Inspiration abounds in the ESE classes. What inspires you?
On October 20, students in Professor Jan Detter’s ESE 100 class had the opportunity to meet Heather Evans Smith and hear about what inspires her to create her award winning photography.
“How we see the world often determines our creativity. Heather sees the world through the lens of awe and mystification,” says Detter who encourages us to be ‘awake and alert’ to our own lives.
Evans Smith leads herself through creative exercises, a habit she learned as a child to fend off boredom. Often times she is inspired through music. She listens to a song and envisions images that she then creates through photographs. She has produced a series of photographs called “My Beatles” from her favorite Beatles songs.
Her photos are meaningful to her but they resonate with others as well. One of her award winning photographs, Let My Machine Talk To Me, was chosen for Canon and Ron Howard’s Project Imagination contest. She found the subject for this photo – the robot – of all places in Jan Detter’s studio!

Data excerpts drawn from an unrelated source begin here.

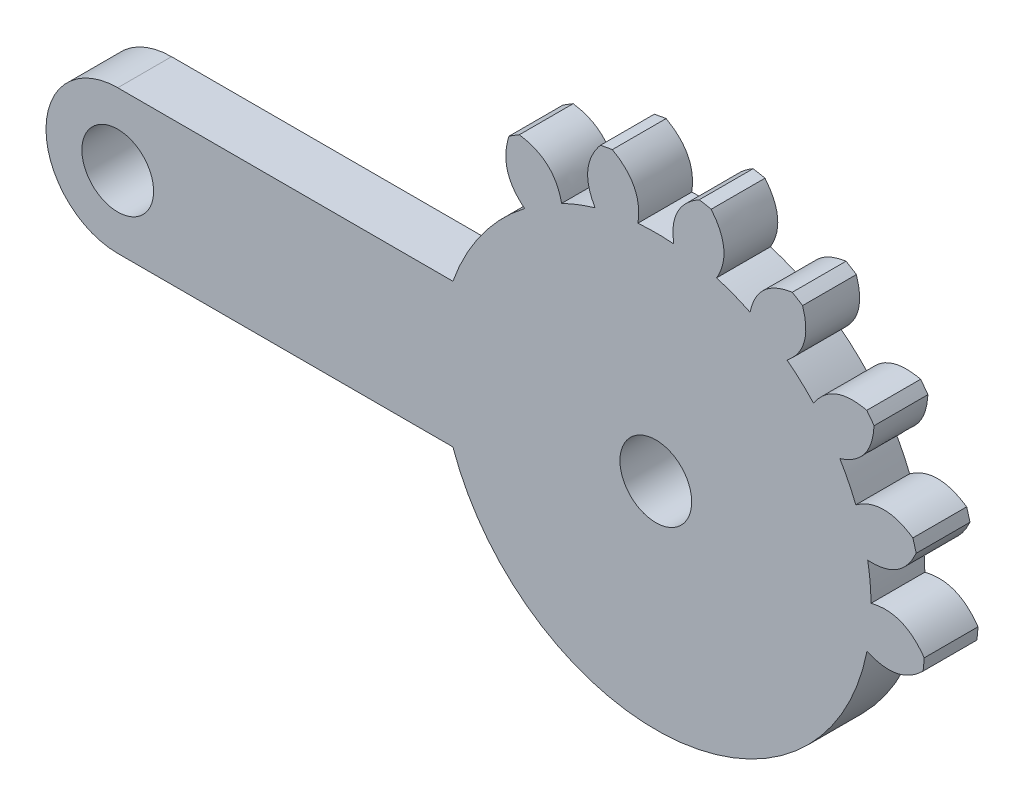
from build123d import *

# Parameters (mm, degrees)
EXTRUDE_1_OUTLINE_R      = 19
EXTRUDE_1_DEPTH          = 3
CUT_EXTRUDE_1_DEPTH      = 28.037011669
CUT_EXTRUDE_START        = -3
SKETCH_5_R               = 19
SKETCH_5_R_2             = 15
CUT_EXTRUDE_2_DEPTH      = 3
PATTERN_CIRCULAR_1_COUNT = 17
CUT_EXTRUDE_4_DEPTH      = 3
EXTRUDE_3_DEPTH          = 3
SKETCH_7_R               = 2
CUT_EXTRUDE_3_DEPTH      = 3


# Read off the part's stored shape, not the designer's step: 凸台-拉伸1
with BuildPart() as part:
    # 凸台-拉伸1 outline → 凸台-拉伸1 (new body)
    with BuildSketch(Plane.XY):
        Circle(EXTRUDE_1_OUTLINE_R)
    extrude(amount=EXTRUDE_1_DEPTH)

    # 草图2 → 切除-拉伸1 (cut, through all)
    with BuildSketch(Plane.XY):
        with BuildLine():
            ThreePointArc((1, 11.958260743), (0, 12), (-1, 11.958260743))
            add(Edge.make_bspline(
                [(-1, 11.958260743), (-0.697871553, 13.823728022), (-2.422759286, 14.803048248)],
                knots=[0, 0, 0, 1, 1, 1], degree=2))
            ThreePointArc((-2.422759286, 14.803048248), (0, 15), (2.422759286, 14.803048248))
            add(Edge.make_bspline(
                [(1, 11.958260743), (0.697871553, 13.823728022), (2.422759286, 14.803048248)],
                knots=[0, 0, 0, 1, 1, 1], degree=2))
        make_face()
    cut_extrude_1 = extrude(amount=CUT_EXTRUDE_1_DEPTH, mode=Mode.SUBTRACT)

    # 草图5 → 切除-拉伸2 (cut)
    with BuildSketch(Plane.XY.offset(3).offset(CUT_EXTRUDE_START)):
        Circle(SKETCH_5_R)
        Circle(SKETCH_5_R_2, mode=Mode.SUBTRACT)
    extrude(amount=CUT_EXTRUDE_2_DEPTH, mode=Mode.SUBTRACT)

    # 阵列(圆周)1: 切除-拉伸1 ×17 about axis
    pattern_circular_1_axis = Axis((0, 0, 3), (0, 0, -1))
    for i in range(1, PATTERN_CIRCULAR_1_COUNT):
        add(cut_extrude_1.rotate(pattern_circular_1_axis, i * 360 / PATTERN_CIRCULAR_1_COUNT), mode=Mode.SUBTRACT)

    # 草图8 → 切除-拉伸4 (cut)
    with BuildSketch(Plane(origin=(0, 0, 0), x_dir=(-1, 0, 0), z_dir=(0, 0, -1))):
        with BuildLine():
            Line((10.120821448, 11.071087264), (8.096657158, 8.856869812))
            ThreePointArc((8.096657158, 8.856869812), (6.278516295, -10.226447728), (-11.561990246, -3.212535065))
            Line((-11.561990246, -3.212535065), (-13.925196787, -5.575741606))
            ThreePointArc((-13.925196787, -5.575741606), (8.538005961, -12.332982373), (10.120821448, 11.071087264))
        make_face()
    extrude(amount=-CUT_EXTRUDE_4_DEPTH, mode=Mode.SUBTRACT)

    # 草图6 → 凸台-拉伸3 (add)
    with BuildSketch(Plane.XY.offset(3)):
        with BuildLine():
            Line((-30, 4), (0, 4))
            Line((0, 4), (0, -4))
            Line((0, -4), (-30, -4))
            ThreePointArc((-30, -4), (-34, 0), (-30, 4))
        make_face()
    extrude(amount=-EXTRUDE_3_DEPTH)

    # 草图7 → 切除-拉伸3 (cut)
    with BuildSketch(Plane(origin=(0, 0, 0), x_dir=(-1, 0, 0), z_dir=(0, 0, -1))):
        Circle(SKETCH_7_R)
        with Locations((30, 0)):
            Circle(SKETCH_7_R)
    extrude(amount=-CUT_EXTRUDE_3_DEPTH, mode=Mode.SUBTRACT)


solid = part.part

She is currently working on a series she calls “threading”, which is inspired by memories of her late grandmother and her grandmother’s love of sewing. She has also done cover photos for several issues of The Wake Forest Magazine. Her portfolio can be found here.
Heather Evans Smith lives and works in Chapel Hill, North Carolina. Her work reflects her southern roots, motherhood, womanhood and a whimsical imagination she relied on as an only child in a rural town. Smith’s work has been featured in solo and joint exhibitions nationwide, magazines, literary journals and online publications. She has been an invited guest lecturer at colleges, universities and photography conferences such as Australian Exposure in the Gold Coast, Australia. (Taken from Facebook.Heatherevanssmithphotography.)
Computer Science Department and ICE Program host Wake Forest alum and tech entrepreneur, John Quinn.
On November 4, we heard from John Quinn ’95, co-founder of Storj.io, a blockchain based, distributed storage provider, who is responsible for sales, marketing, customer success, and capital formation.
John Quinn, who did his undergraduate work in Russian Studies and Economics, is a recovering investment banker from Credit Suisse and Deutsche Bank, a former managing director of a $200 million private equity fund and lover of distributed systems that disrupt centralized services.
Storj.io is disrupting tech giants such as Amazon Web Services, Google Cloud Platform and Microsoft Azure. Quinn says that anything centralized can be decentralized, using terms such as decentralization, sharing economy, trust list encryption, and P to P networks to describe what Storj is all about. Think of the Uber and Airbnb model. Do you want to rent space on your hard-drive? Be the Cloud! Check out Storj.io.
We got our DADA on!
Also on November 4, students in Professor Lynn Book’s ESE 100 classes helped transform the ZSR Library into a space that became part cabaret, movie theater, concert hall, and eatery at a public event celebrating the 100th anniversary of the highly influential art and design movement, DADA.
This was a collaborative event organized by Professor Book that included more than 60 WFU students, student ventures (including UpDog Kombucha), CreateWFU, a new student organization affiliated with the E-Society, and 15 WFU faculty from across 10 departments. The interdisciplinary performance based focus of this event reflects what the Dada artists were doing 100 years ago.
2016 marks the 100th anniversary of the founding of Cabaret Voltaire and DADA. A burst of an idea in 1916, the art movement known as DADA gave birth to a new 20th Century creativity. It spread through and beyond the arts and reverberated in cities across Europe and the Americas.
DADA raised the bar for innovation developing new approaches to creative action and activism, setting the path for imaginative methods leading to unexpected outcomes. DADA challenged everything – and nothing was ever the same.